**Exercise prompt:** Please give again exactly the lines from the top of the material through the line with "line L0 (0, 0) -> (0, 15) construction"; omit each picture.

**Data records:**
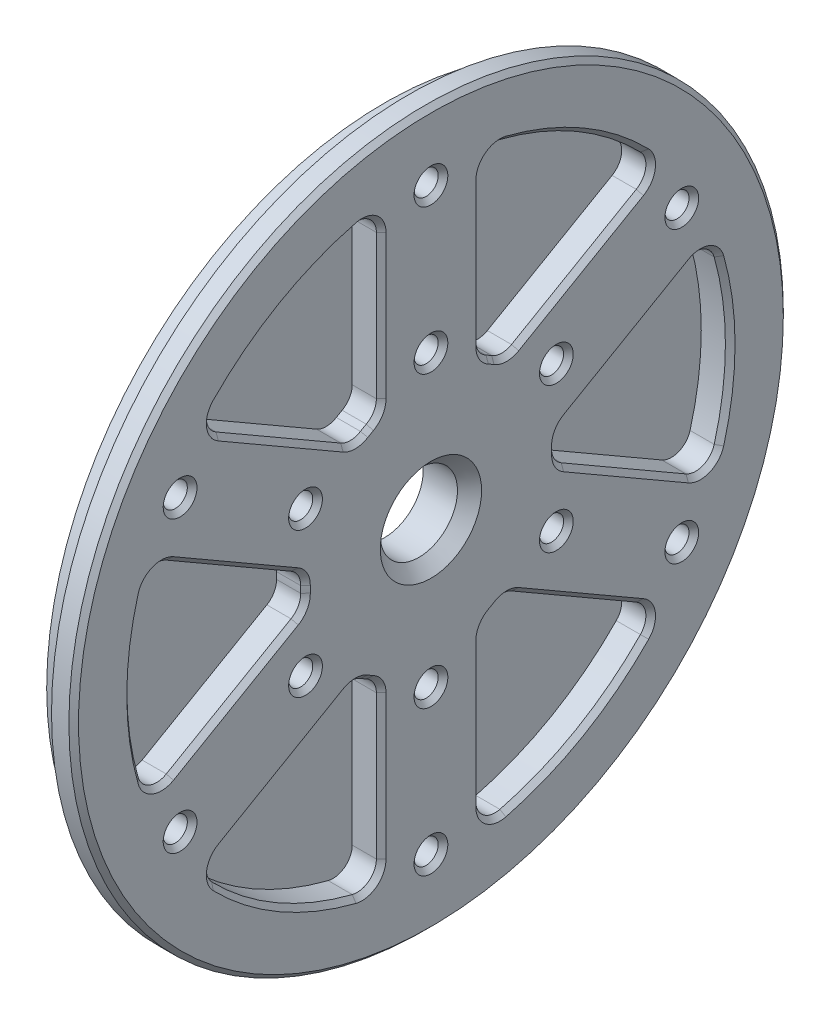
SolidWorks part; units mm, degrees
ref_plane "Front Plane" through (0, 0, 0) normal (0, 0, 1) x (1, 0, 0)
ref_plane "Top Plane" through (0, 0, 0) normal (0, 1, 0) x (1, 0, 0)
ref_plane "Right Plane" through (0, 0, 0) normal (1, 0, 0) x (0, 0, -1)
sketch "Sketch1" plane through (0, 0, 0) normal (1, 0, 0) x (0, 0, -1)
  circle A0 centre (0, 0) radius 37
  dimension "D1" = 74
extrude "Boss-Extrude1" add sketch "Sketch1" along normal mid plane 2.8
sketch "Sketch2" plane through (1.4, 0, 0) normal (1, 0, 0) x (0, 0, -1)
  line L0 (0, 0) -> (0, 30) construction
  circle A0 centre (0, 0) radius 30 construction
  circle A1 centre (0, 30) radius 1.25
  dimension "D1" = 60
  dimension "D2" = 2.5
extrude "Cut-Extrude1" cut sketch "Sketch2" against normal blind 3
chamfer "Chamfer1" distance 0.5 angle 45 1 edges at (1.4, 30, -1.25)
pattern_circular "CirPattern1" count 6 over 360 about axis through (1.4, 0, 0) along (-1, 0, 0) of "Cut-Extrude1", "Chamfer1"
chamfer "Chamfer2" distance 0.5 angle 45 1 edges at (1.4, 0, -37)
sketch "Sketch3" plane through (1.4, 0, 0) normal (1, 0, 0) x (0, 0, -1)
  line L0 (0, 0) -> (0, 15) construction
  circle A0 centre (0, 0) radius 15 construction
  circle A1 centre (0, 15) radius 1.25
  dimension "D1" = 30
  dimension "D2" = 2.5
extrude "Cut-Extrude2" cut sketch "Sketch3" against normal blind 3
chamfer "Chamfer3" distance 0.5 angle 45 1 edges at (1.4, 15, -1.25)
pattern_circular "CirPattern2" count 6 over 360 about axis through (1.4, 0, 0) along (-1, 0, 0) of "Chamfer3", "Cut-Extrude2"
sketch "Sketch4" plane through (1.4, 0, 0) normal (1, 0, 0) x (0, 0, -1)
  circle A0 centre (0, 0) radius 4
  dimension "D1" = 8
extrude "Cut-Extrude3" cut sketch "Sketch4" against normal up to surface (2.8 mm away) up to face at (-1.4, 8.5825, 12.3654)
chamfer "Chamfer4" distance 1.25 angle 45 1 edges at (1.4, 0, -4)
sketch "Sketch5" plane through (-1.4, 0, 0) normal (-1, 0, 0) x (0, 0, 1)
  circle A0 centre (0, 0) radius 35
  circle A1 centre (0, 0) radius 37 construction
  circle A2 centre (0, 0) radius 4 construction
  circle A3 centre (0, 0) radius 4
  dimension "D1" = 2
extrude "Boss-Extrude2" add sketch "Sketch5" along normal blind 2
sketch "Sketch6" plane through (-1.4, 0, 0) normal (-1, 0, 0) x (0, 0, 1)
  circle A0 centre (0, 0) radius 35 construction
  circle A1 centre (0, 0) radius 37
  circle A2 centre (0, 0) radius 37
  circle A3 centre (0, 0) radius 35
  dimension "D1" = 0
extrude "Cut-Extrude4" cut sketch "Sketch6" against normal blind 0.5
sketch "Sketch7" plane through (1.4, 0, 0) normal (1, 0, 0) x (0, 0, -1)
  line L0 (0, 0) -> (-6.5, 11.2583) construction
  line L1 (-6.5, 11.2583) -> (-7.5, 12.9904) construction
  circle A3 centre (0, 0) radius 36.5 construction
  arc A4 (-12.9904, 7.5) -> (0, 15) centre (0, 0) cw construction
  circle A5 centre (0, 15) radius 1.25 construction
  line B0 (-5.1506, 13.1859) -> (-5.1506, 28.1046)
  line B1 (-21.764, 18.5129) -> (-8.844, 11.0535)
  arc B2 (-5.1506, 28.1046) -> (-7.6438, 30.0428) centre (-7.1506, 28.1046) ccw
  arc B3 (-6.1972, 11.4278) -> (-5.1506, 13.1859) centre (-7.1506, 13.1859) ccw
  arc B4 (-6.1972, 11.4278) -> (-6.7982, 11.0808) centre (0, 0) ccw
  arc B5 (-8.844, 11.0535) -> (-6.7982, 11.0808) centre (-7.844, 12.7856) ccw
  arc B6 (-22.196, 21.6411) -> (-21.764, 18.5129) centre (-20.764, 20.2449) ccw
  arc B7 (-7.6438, 30.0428) -> (-22.196, 21.6411) centre (0, 0) ccw
sketch_block_instance "Block-BLOCK 1 - MOTOR 6 - ROBOT DOG-3"
sketch_block "Block-BLOCK 1 - MOTOR 6 - ROBOT DOG"
extrude "Cut-Extrude5" cut sketch "Sketch7" against normal blind 3
chamfer "Chamfer5" distance 0.5 angle 45 8 edges at (1.4, 20.6453, 5.1506) (1.4, 29.6836, 5.9231) (1.4, 12.1629, 5.4321) (1.4, 26.8468, 15.5) (1.4, 11.2583, 6.5) (1.4, 19.9713, 22.7452) (1.4, 10.7858, 7.8173) (1.4, 14.7832, 15.304)
pattern_circular "CirPattern3" count 6 over 360 about axis through (1.4, 0, 0) along (-1, 0, 0) of "Cut-Extrude5", "Chamfer5"
extrude "Cut-Extrude6" cut sketch "Sketch2<2>" against normal blind 3
sketch "Sketch2<2>" plane through (1.4, 0, 0) normal (1, 0, 0) x (0, 0, -1) same geometry as "Sketch2"
pattern_circular "CirPattern4" count 6 over 360 about axis through (1.4, 0, 0) along (-1, 0, 0) of "Cut-Extrude6"
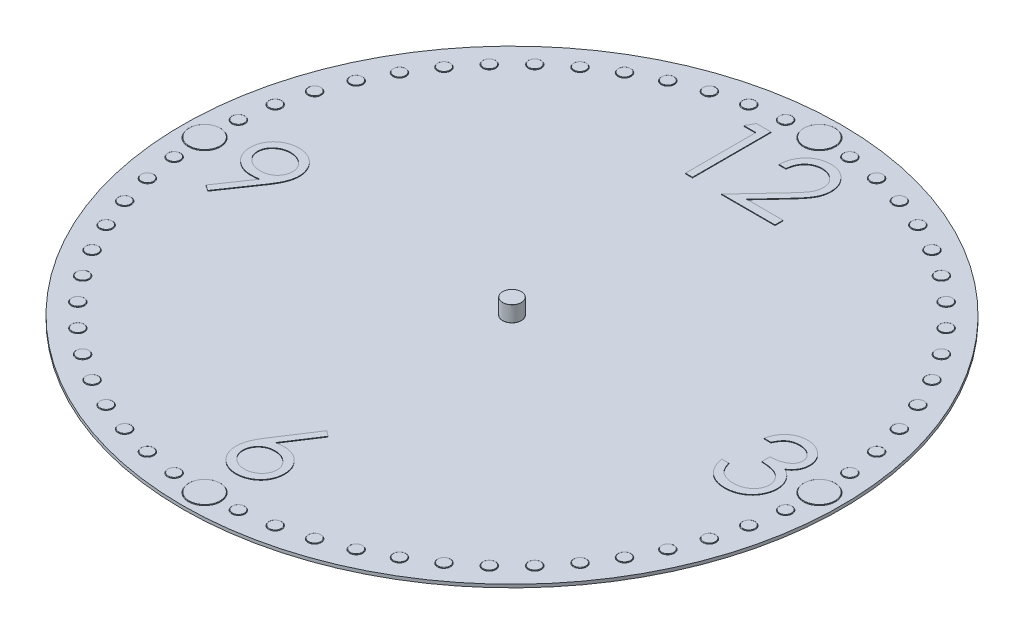
SolidWorks part; units mm, degrees
ref_plane "Front Plane" through (0, 0, 0) normal (0, 0, 1) x (1, 0, 0)
ref_plane "Top Plane" through (0, 0, 0) normal (0, 1, 0) x (1, 0, 0)
ref_plane "Right Plane" through (0, 0, 0) normal (1, 0, 0) x (0, 0, -1)
sketch "Sketch1" plane through (0, 0, 0) normal (0, 1, 0) x (1, 0, 0)
  circle A0 centre (0, 0) radius 13.335
  dimension "D1" = 26.67
extrude "Extrude1" add sketch "Sketch1" along normal blind 0.127
sketch "Sketch2" plane through (0, 0.127, 0) normal (0, 1, 0) x (-1, 0, 0)
  circle A0 centre (0, -12.4392) radius 0.635
  dimension "D1" = 1.27
extrude "Extrude2" add sketch "Sketch2" along normal blind 0.0254
fillet "Fillet1" radius 0.0127 2 edges at (0, 0.127, -11.8042) (0, 0.1524, -11.8042)
sketch "Sketch4" plane through (0, 0, 0) normal (0, 0, 1) x (1, 0, 0)
  line L0 (0, 0) -> (0, 0.4205) construction
pattern_circular "CirPattern1" count 4 over 360 about axis through (0, 0, 0) along (0, 1, 0) of "Extrude2", "Fillet1"
sketch "Sketch5" plane through (0, 0.127, 0) normal (0, 1, 0) x (-1, 0, 0)
  line L0 (0, -12.4392) -> (0, 0) construction
  line L1 (0, 0) -> (-1.9264, -18.3289) construction
  circle A0 centre (0, 0) radius 12.4392 construction
  circle A1 centre (-1.3003, -12.3711) radius 0.254
  dimension "D2" = 0.508
  dimension "D1" = 6
extrude "Extrude3" add sketch "Sketch5" along normal blind 0.0254
fillet "Fillet2" radius 0.0127 2 edges at (1.3003, 0.1524, -12.1171) (1.3003, 0.127, -12.1171)
pattern_circular "CirPattern2" count 60 over 360 about axis through (0, 0, 0) along (0, 1, 0) skipping 1, 16, 31, 46 of "Extrude3", "Fillet2"
sketch "Sketch6" plane through (0, 0.127, 0) normal (0, 1, 0) x (-1, 0, 0)
  circle A0 centre (0, 0) radius 0.381
  dimension "D1" = 0.762
sketch "Sketch9" plane through (0, 0, 0) normal (0, 1, 0) x (1, 0, 0)
  text T1 "12"
extrude "Extrude13" add sketch "Sketch6" along normal blind 0.635
wrap "Wrap2" sketch "Sketch9" wrap type scribe source sketch "Sketch9" face at (1.3003, 0.127, -12.1044)
sketch "Sketch16" plane through (0, 0, 0) normal (0, 1, 0) x (1, 0, 0)
  text T0 "9\r\n"
wrap "Wrap3" sketch "Sketch16" wrap type scribe source sketch "Sketch16" face at (-1.4785, 0.127, -10.4688)
sketch "Sketch25" plane through (0, 0, 0) normal (0, 1, 0) x (1, 0, 0)
  text T0 "6\r\n"
wrap "Wrap4" sketch "Sketch25" wrap type scribe source sketch "Sketch25" face at (1.2082, 0.127, -9.9933)
sketch "Sketch29" plane through (0, 0, 0) normal (0, 1, 0) x (1, 0, 0)
  text T0 "3\r\n"
wrap "Wrap5" sketch "Sketch29" wrap type scribe source sketch "Sketch29"
sketch "Sketch27" plane through (0, 0.127, 0) normal (0, 1, 0) x (1, 0, 0)
  line L3 (0.3261, -7.8196) -> (-0.6216, -9.2685)
  line L4 (0.5455, -7.992) -> (0.3261, -7.8196)
  line L5 (-0.2934, -9.2748) -> (0.5455, -7.992)
  line L6 (0.3261, -7.8196) -> (-0.6216, -9.2685)
  line L7 (0.5455, -7.992) -> (0.3261, -7.8196)
  line L8 (-0.2934, -9.2748) -> (0.5455, -7.992)
  spline S4 degree 3 poles (169.9791, -3005.9549) (-7.8632, 10.3363) (-3.2139, -11.2264) (0.1384, -10.8215) (0.2038, -10.8069) (0.2664, -10.7862) (0.3268, -10.761) (0.384, -10.729) (0.4385, -10.691) (0.49, -10.6482) (0.5377, -10.6016) (0.5788, -10.5515) (0.6139, -10.4992) (0.6424, -10.4446) (0.6651, -10.3873) (0.6807, -10.3277) (1.1283, -7.5783) (-22.7687, -2.839) (2990.9953, -249.0063) knots -9.527484 -9.527484 -9.527484 -9.527484 0.067962 0.133283 0.197835 0.260892 0.323377 0.38635 0.449638 0.514795 0.57924 0.641814 0.701359 0.760727 0.819222 0.878716 0.938147 8.835 8.835 8.835 8.835 only from (0.0005, -10.8318) to (0.6924, -10.2022)
  spline S5 degree 3 poles (-2499.3081, 1650.7062) (17.4996, -4.4596) (3.0537, -3.4263) (-0.7133, -9.4118) (-0.7535, -9.4805) (-0.7905, -9.546) (-0.8226, -9.6094) (-0.8526, -9.669) (-0.8768, -9.727) (-0.9059, -9.7989) (-0.9334, -9.8867) (-0.9579, -9.9901) (-1.5455, -13.8784) (24.3647, -19.7976) (-2992.663, 211.5949) knots -20.907275 -20.907275 -20.907275 -20.907275 0.087622 0.171402 0.250166 0.325701 0.396343 0.462726 0.525528 0.584189 0.694724 0.800274 0.902182 12.434052 12.434052 12.434052 12.434052 only from (-0.6216, -9.2685) to (-0.9765, -10.1907)
  spline S6 degree 3 poles (-258.6624, 2979.4182) (13.1071, -40.3097) (-3.2002, 23.2871) (-7.566, -43.3144) (-289.8247, 2976.5743) knots -46.482215 -46.482215 -46.482215 -46.482215 0.487341 48.273881 48.273881 48.273881 48.273881 only from (0.0354, -9.2443) to (-0.2934, -9.2748)
  spline S7 degree 3 poles (2995.0429, 176.393) (-24.0353, -19.5314) (1.4984, -13.9156) (0.9619, -9.9946) (0.9401, -9.9045) (0.9103, -9.8184) (0.8718, -9.7362) (0.8245, -9.6582) (0.7681, -9.5843) (0.7044, -9.5148) (0.6342, -9.4519) (0.5602, -9.3957) (0.4816, -9.3495) (0.3997, -9.3109) (0.3141, -9.2807) (0.2245, -9.26) (-3.6259, -8.7176) (-9.3454, -34.5352) (204.3295, 2983.6417) knots -7.793325 -7.793325 -7.793325 -7.793325 0.065659 0.129258 0.191437 0.252717 0.31332 0.37449 0.436909 0.500928 0.564976 0.627137 0.688454 0.749057 0.809933 0.871595 0.934769 8.657147 8.657147 8.657147 8.657147 only from (0.9774, -10.185) to (0.0354, -9.2443)
  spline S8 degree 3 poles (275.617, -2998.3814) (-11.4415, 20.002) (-4.0366, -11.959) (0.2468, -11.1276) (0.3714, -11.0868) (0.49, -11.03) (0.6002, -10.9605) (0.6977, -10.8773) (0.7828, -10.7841) (0.8527, -10.6788) (0.9089, -10.5655) (0.9482, -10.4442) (1.7782, -6.2687) (-31.0303, 1.1492) (2987.7444, -289.4489) knots -8.162033 -8.162033 -8.162033 -8.162033 0.085972 0.169956 0.254217 0.339243 0.423978 0.505828 0.586636 0.66771 0.749601 0.830875 0.914052 8.960034 8.960034 8.960034 8.960034 only from (-0.0148, -11.1574) to (0.9774, -10.185)
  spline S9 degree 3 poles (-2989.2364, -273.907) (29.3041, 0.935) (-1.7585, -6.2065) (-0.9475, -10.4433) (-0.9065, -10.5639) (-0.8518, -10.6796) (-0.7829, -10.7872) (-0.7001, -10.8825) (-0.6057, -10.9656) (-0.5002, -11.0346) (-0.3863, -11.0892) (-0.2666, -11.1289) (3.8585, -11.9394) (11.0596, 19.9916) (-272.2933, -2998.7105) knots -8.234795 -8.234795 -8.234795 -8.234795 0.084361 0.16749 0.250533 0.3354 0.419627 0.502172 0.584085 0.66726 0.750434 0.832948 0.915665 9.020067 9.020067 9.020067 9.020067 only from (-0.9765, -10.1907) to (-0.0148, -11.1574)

**Task result:**
SolidWorks part; units mm, degrees
ref_plane "Front Plane" through (0, 0, 0) normal (0, 0, 1) x (1, 0, 0)
ref_plane "Top Plane" through (0, 0, 0) normal (0, 1, 0) x (1, 0, 0)
ref_plane "Right Plane" through (0, 0, 0) normal (1, 0, 0) x (0, 0, -1)
sketch "Sketch1" plane through (0, 0, 0) normal (1, 0, 0) x (0, 0, -1)
  circle A0 centre (0, 0) radius 37
  dimension "D1" = 74
extrude "Boss-Extrude1" add sketch "Sketch1" along normal mid plane 2.8
sketch "Sketch2" plane through (1.4, 0, 0) normal (1, 0, 0) x (0, 0, -1)
  line L0 (0, 0) -> (0, 30) construction
  circle A0 centre (0, 0) radius 30 construction
  circle A1 centre (0, 30) radius 1.25
  dimension "D1" = 60
  dimension "D2" = 2.5
extrude "Cut-Extrude1" cut sketch "Sketch2" against normal blind 3
chamfer "Chamfer1" distance 0.5 angle 45 1 edges at (1.4, 30, -1.25)
pattern_circular "CirPattern1" count 6 over 360 about axis through (1.4, 0, 0) along (-1, 0, 0) of "Cut-Extrude1", "Chamfer1"
chamfer "Chamfer2" distance 0.5 angle 45 1 edges at (1.4, 0, -37)
sketch "Sketch3" plane through (1.4, 0, 0) normal (1, 0, 0) x (0, 0, -1)
  line L0 (0, 0) -> (0, 15) construction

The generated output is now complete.